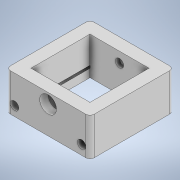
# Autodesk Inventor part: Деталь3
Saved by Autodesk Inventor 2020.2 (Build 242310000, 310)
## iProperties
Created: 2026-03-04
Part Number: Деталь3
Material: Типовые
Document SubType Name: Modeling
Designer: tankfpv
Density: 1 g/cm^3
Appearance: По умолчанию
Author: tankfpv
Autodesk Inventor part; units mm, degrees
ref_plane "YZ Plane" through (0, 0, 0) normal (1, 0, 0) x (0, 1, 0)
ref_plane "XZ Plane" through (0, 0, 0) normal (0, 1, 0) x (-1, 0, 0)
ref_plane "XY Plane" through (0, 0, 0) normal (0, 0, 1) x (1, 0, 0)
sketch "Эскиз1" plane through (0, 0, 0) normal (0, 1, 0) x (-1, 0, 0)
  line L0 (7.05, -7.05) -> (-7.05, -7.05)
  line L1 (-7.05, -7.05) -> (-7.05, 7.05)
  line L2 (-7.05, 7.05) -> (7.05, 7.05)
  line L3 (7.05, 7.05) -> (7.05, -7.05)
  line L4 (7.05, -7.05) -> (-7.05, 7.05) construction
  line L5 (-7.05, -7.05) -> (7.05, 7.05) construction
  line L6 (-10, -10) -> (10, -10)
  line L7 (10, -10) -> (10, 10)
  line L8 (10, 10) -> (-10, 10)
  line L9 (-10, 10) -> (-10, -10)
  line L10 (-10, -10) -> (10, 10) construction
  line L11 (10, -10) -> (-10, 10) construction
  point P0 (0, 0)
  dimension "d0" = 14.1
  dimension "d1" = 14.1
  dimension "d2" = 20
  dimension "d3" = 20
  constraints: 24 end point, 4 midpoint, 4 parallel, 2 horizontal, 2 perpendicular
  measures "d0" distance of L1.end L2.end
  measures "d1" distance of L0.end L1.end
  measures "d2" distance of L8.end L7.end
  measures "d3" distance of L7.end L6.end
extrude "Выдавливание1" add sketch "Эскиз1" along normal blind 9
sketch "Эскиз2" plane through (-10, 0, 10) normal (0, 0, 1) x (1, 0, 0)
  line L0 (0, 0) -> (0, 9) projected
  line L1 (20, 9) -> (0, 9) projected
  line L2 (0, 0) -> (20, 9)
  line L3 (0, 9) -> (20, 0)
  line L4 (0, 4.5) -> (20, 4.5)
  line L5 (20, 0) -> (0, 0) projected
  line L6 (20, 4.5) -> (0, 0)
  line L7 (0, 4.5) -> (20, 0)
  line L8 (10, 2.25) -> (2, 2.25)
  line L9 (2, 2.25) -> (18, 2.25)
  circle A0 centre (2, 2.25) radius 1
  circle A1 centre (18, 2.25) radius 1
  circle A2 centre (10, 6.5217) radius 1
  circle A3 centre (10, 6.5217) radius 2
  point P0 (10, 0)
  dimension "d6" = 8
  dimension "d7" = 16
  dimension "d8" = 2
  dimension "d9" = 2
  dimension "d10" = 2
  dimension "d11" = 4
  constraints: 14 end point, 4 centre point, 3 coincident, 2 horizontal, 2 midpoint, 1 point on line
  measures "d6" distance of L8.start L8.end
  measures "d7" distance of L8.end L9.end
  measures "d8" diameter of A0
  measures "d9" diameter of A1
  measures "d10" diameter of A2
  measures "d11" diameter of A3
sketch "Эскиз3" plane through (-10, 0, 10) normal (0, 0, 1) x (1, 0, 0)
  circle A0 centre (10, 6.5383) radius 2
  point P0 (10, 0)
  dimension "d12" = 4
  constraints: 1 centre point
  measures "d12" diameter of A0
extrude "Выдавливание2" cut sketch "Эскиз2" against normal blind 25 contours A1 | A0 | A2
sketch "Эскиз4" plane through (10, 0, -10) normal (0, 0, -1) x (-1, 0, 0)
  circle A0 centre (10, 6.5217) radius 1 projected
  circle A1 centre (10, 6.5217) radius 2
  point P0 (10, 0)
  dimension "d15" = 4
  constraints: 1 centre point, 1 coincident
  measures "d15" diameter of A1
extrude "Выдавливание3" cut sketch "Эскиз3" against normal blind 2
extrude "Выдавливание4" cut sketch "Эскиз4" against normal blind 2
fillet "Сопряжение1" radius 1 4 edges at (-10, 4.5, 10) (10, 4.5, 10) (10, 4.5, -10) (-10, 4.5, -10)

* * * *

Copy out the entries verbatim, but skip every picture.

> [Reply to the task]:
# Autodesk Inventor part: Деталь3
Saved by Autodesk Inventor 2020.2 (Build 242310000, 310)
## iProperties
Created: 2026-03-04
Part Number: Деталь3
Material: Типовые
Document SubType Name: Modeling
Designer: tankfpv
Density: 1 g/cm^3
Appearance: По умолчанию
Author: tankfpv
Autodesk Inventor part; units mm, degrees
ref_plane "YZ Plane" through (0, 0, 0) normal (1, 0, 0) x (0, 1, 0)
ref_plane "XZ Plane" through (0, 0, 0) normal (0, 1, 0) x (-1, 0, 0)
ref_plane "XY Plane" through (0, 0, 0) normal (0, 0, 1) x (1, 0, 0)
sketch "Эскиз1" plane through (0, 0, 0) normal (0, 1, 0) x (-1, 0, 0)
  line L0 (7.05, -7.05) -> (-7.05, -7.05)
  line L1 (-7.05, -7.05) -> (-7.05, 7.05)
  line L2 (-7.05, 7.05) -> (7.05, 7.05)
  line L3 (7.05, 7.05) -> (7.05, -7.05)
  line L4 (7.05, -7.05) -> (-7.05, 7.05) construction
  line L5 (-7.05, -7.05) -> (7.05, 7.05) construction
  line L6 (-10, -10) -> (10, -10)
  line L7 (10, -10) -> (10, 10)
  line L8 (10, 10) -> (-10, 10)
  line L9 (-10, 10) -> (-10, -10)
  line L10 (-10, -10) -> (10, 10) construction
  line L11 (10, -10) -> (-10, 10) construction
  point P0 (0, 0)
  dimension "d0" = 14.1
  dimension "d1" = 14.1
  dimension "d2" = 20
  dimension "d3" = 20
  constraints: 24 end point, 4 midpoint, 4 parallel, 2 horizontal, 2 perpendicular
  measures "d0" distance of L1.end L2.end
  measures "d1" distance of L0.end L1.end
  measures "d2" distance of L8.end L7.end
  measures "d3" distance of L7.end L6.end
extrude "Выдавливание1" add sketch "Эскиз1" along normal blind 9
sketch "Эскиз2" plane through (-10, 0, 10) normal (0, 0, 1) x (1, 0, 0)
  line L0 (0, 0) -> (0, 9) projected
  line L1 (20, 9) -> (0, 9) projected
  line L2 (0, 0) -> (20, 9)
  line L3 (0, 9) -> (20, 0)
  line L4 (0, 4.5) -> (20, 4.5)
  line L5 (20, 0) -> (0, 0) projected
  line L6 (20, 4.5) -> (0, 0)
  line L7 (0, 4.5) -> (20, 0)
  line L8 (10, 2.25) -> (2, 2.25)
  line L9 (2, 2.25) -> (18, 2.25)
  circle A0 centre (2, 2.25) radius 1
  circle A1 centre (18, 2.25) radius 1
  circle A2 centre (10, 6.5217) radius 1
  circle A3 centre (10, 6.5217) radius 2
  point P0 (10, 0)
  dimension "d6" = 8
  dimension "d7" = 16
  dimension "d8" = 2
  dimension "d9" = 2
  dimension "d10" = 2
  dimension "d11" = 4
  constraints: 14 end point, 4 centre point, 3 coincident, 2 horizontal, 2 midpoint, 1 point on line
  measures "d6" distance of L8.start L8.end
  measures "d7" distance of L8.end L9.end
  measures "d8" diameter of A0
  measures "d9" diameter of A1
  measures "d10" diameter of A2
  measures "d11" diameter of A3
sketch "Эскиз3" plane through (-10, 0, 10) normal (0, 0, 1) x (1, 0, 0)
  circle A0 centre (10, 6.5383) radius 2
  point P0 (10, 0)
  dimension "d12" = 4
  constraints: 1 centre point
  measures "d12" diameter of A0
extrude "Выдавливание2" cut sketch "Эскиз2" against normal blind 25 contours A1 | A0 | A2
sketch "Эскиз4" plane through (10, 0, -10) normal (0, 0, -1) x (-1, 0, 0)
  circle A0 centre (10, 6.5217) radius 1 projected
  circle A1 centre (10, 6.5217) radius 2
  point P0 (10, 0)
  dimension "d15" = 4
  constraints: 1 centre point, 1 coincident
  measures "d15" diameter of A1
extrude "Выдавливание3" cut sketch "Эскиз3" against normal blind 2
extrude "Выдавливание4" cut sketch "Эскиз4" against normal blind 2
fillet "Сопряжение1" radius 1 4 edges at (-10, 4.5, 10) (10, 4.5, 10) (10, 4.5, -10) (-10, 4.5, -10)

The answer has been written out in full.